Could you set down the lines from the first line of the entries below through the line with "(-530.33, -530.33), [])]", exactly and with no pictures?

[Data entries]

* * * *

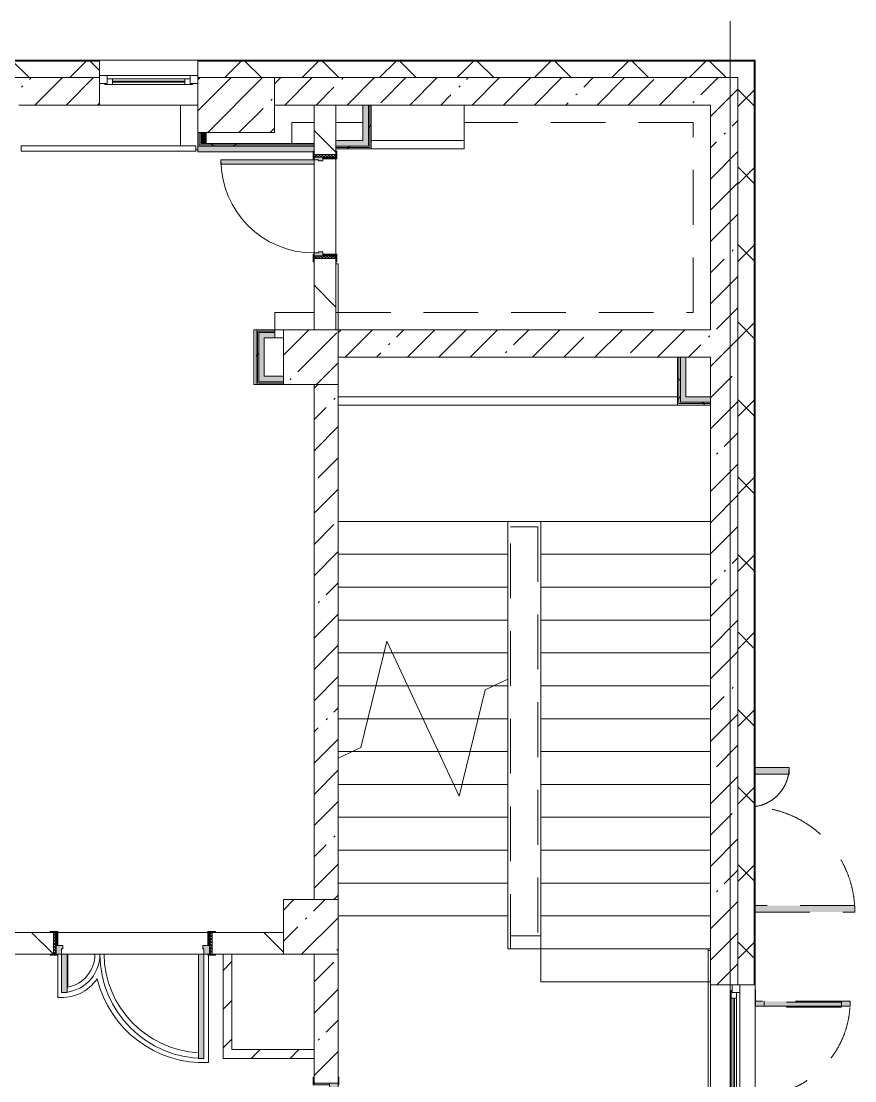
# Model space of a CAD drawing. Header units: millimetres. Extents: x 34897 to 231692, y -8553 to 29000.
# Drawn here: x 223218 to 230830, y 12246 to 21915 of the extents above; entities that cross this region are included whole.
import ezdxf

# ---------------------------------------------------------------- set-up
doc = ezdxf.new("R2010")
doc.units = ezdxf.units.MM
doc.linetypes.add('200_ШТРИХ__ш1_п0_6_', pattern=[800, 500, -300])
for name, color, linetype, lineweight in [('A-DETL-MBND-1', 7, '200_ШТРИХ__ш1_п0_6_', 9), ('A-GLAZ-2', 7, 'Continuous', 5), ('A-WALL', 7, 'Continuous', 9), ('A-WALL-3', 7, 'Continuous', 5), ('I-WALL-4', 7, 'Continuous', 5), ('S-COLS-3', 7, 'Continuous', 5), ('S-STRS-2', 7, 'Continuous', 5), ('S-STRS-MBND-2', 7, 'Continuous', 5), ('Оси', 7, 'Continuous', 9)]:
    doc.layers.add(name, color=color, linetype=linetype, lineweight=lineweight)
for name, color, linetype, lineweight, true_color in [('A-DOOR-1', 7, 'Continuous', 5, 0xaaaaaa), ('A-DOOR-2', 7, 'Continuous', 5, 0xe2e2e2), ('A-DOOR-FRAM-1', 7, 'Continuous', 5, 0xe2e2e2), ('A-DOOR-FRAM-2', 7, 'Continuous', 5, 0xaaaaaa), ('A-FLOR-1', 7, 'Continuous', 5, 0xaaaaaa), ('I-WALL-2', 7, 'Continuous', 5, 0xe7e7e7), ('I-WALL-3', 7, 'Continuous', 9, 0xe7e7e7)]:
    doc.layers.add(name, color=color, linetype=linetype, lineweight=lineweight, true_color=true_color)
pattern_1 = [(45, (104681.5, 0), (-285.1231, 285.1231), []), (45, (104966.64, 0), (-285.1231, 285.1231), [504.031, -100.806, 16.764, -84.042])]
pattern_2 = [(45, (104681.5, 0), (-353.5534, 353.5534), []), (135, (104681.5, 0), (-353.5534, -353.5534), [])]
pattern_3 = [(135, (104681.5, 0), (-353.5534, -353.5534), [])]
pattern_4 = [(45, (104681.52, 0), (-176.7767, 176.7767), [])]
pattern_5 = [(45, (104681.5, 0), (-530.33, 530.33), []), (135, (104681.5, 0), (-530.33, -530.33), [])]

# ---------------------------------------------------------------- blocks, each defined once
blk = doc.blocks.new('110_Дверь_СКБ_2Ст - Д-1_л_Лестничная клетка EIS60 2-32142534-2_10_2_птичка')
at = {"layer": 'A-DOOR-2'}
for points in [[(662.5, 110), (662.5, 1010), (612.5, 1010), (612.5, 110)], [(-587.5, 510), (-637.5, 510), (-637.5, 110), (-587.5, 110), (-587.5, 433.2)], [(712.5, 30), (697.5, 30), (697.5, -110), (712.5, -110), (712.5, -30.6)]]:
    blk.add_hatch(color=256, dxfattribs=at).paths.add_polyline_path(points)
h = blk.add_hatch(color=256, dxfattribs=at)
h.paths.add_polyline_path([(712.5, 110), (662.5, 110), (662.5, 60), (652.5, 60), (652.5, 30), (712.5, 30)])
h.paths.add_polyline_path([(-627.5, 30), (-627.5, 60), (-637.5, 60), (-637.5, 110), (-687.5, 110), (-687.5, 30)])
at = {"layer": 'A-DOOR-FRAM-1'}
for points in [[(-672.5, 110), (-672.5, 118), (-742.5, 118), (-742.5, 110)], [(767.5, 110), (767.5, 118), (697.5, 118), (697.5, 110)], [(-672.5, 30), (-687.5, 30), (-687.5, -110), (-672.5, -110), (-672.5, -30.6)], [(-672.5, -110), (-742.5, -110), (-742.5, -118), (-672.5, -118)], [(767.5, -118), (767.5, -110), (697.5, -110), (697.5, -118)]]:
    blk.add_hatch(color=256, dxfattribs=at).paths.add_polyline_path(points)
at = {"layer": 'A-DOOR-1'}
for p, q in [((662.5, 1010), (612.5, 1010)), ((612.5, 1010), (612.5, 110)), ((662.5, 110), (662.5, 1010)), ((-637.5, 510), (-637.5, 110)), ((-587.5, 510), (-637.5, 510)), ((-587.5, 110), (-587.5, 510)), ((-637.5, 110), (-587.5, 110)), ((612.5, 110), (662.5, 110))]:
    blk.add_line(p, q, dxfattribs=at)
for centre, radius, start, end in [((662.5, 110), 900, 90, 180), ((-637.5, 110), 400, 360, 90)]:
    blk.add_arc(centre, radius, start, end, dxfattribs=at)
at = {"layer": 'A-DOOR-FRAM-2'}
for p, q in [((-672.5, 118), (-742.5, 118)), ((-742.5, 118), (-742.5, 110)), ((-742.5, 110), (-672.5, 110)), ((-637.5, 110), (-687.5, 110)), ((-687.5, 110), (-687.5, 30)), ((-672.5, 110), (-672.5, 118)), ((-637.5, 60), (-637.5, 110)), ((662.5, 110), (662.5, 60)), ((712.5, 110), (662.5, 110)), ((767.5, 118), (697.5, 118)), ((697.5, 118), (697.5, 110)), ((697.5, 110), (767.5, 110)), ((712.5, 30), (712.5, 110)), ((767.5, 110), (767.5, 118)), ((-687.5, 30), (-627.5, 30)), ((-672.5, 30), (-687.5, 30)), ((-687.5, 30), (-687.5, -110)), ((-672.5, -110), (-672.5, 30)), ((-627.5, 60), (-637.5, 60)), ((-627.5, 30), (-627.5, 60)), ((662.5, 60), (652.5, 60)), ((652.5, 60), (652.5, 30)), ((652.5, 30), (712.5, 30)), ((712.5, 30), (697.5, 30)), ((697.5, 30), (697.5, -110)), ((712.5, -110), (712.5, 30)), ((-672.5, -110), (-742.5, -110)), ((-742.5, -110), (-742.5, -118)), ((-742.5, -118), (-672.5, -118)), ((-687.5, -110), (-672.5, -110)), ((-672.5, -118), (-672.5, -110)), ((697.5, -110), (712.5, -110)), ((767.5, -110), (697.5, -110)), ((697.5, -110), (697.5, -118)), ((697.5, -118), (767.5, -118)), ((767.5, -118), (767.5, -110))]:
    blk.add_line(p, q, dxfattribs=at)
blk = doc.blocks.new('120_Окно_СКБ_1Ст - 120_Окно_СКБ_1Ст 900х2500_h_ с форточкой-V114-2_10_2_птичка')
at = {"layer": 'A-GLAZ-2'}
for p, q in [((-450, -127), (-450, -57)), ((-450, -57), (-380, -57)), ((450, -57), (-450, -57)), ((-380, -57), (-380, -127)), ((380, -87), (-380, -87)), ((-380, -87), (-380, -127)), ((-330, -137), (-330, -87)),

* * * *

Response to this exercise:
# Model space of a CAD drawing. Header units: millimetres. Extents: x 34897 to 231692, y -8553 to 29000.
# Drawn here: x 223218 to 230830, y 12246 to 21915 of the extents above; entities that cross this region are included whole.
import ezdxf

# ---------------------------------------------------------------- set-up
doc = ezdxf.new("R2010")
doc.units = ezdxf.units.MM
doc.linetypes.add('200_ШТРИХ__ш1_п0_6_', pattern=[800, 500, -300])
for name, color, linetype, lineweight in [('A-DETL-MBND-1', 7, '200_ШТРИХ__ш1_п0_6_', 9), ('A-GLAZ-2', 7, 'Continuous', 5), ('A-WALL', 7, 'Continuous', 9), ('A-WALL-3', 7, 'Continuous', 5), ('I-WALL-4', 7, 'Continuous', 5), ('S-COLS-3', 7, 'Continuous', 5), ('S-STRS-2', 7, 'Continuous', 5), ('S-STRS-MBND-2', 7, 'Continuous', 5), ('Оси', 7, 'Continuous', 9)]:
    doc.layers.add(name, color=color, linetype=linetype, lineweight=lineweight)
for name, color, linetype, lineweight, true_color in [('A-DOOR-1', 7, 'Continuous', 5, 0xaaaaaa), ('A-DOOR-2', 7, 'Continuous', 5, 0xe2e2e2), ('A-DOOR-FRAM-1', 7, 'Continuous', 5, 0xe2e2e2), ('A-DOOR-FRAM-2', 7, 'Continuous', 5, 0xaaaaaa), ('A-FLOR-1', 7, 'Continuous', 5, 0xaaaaaa), ('I-WALL-2', 7, 'Continuous', 5, 0xe7e7e7), ('I-WALL-3', 7, 'Continuous', 9, 0xe7e7e7)]:
    doc.layers.add(name, color=color, linetype=linetype, lineweight=lineweight, true_color=true_color)
pattern_1 = [(45, (104681.5, 0), (-285.1231, 285.1231), []), (45, (104966.64, 0), (-285.1231, 285.1231), [504.031, -100.806, 16.764, -84.042])]
pattern_2 = [(45, (104681.5, 0), (-353.5534, 353.5534), []), (135, (104681.5, 0), (-353.5534, -353.5534), [])]
pattern_3 = [(135, (104681.5, 0), (-353.5534, -353.5534), [])]
pattern_4 = [(45, (104681.52, 0), (-176.7767, 176.7767), [])]
pattern_5 = [(45, (104681.5, 0), (-530.33, 530.33), []), (135, (104681.5, 0), (-530.33, -530.33), [])]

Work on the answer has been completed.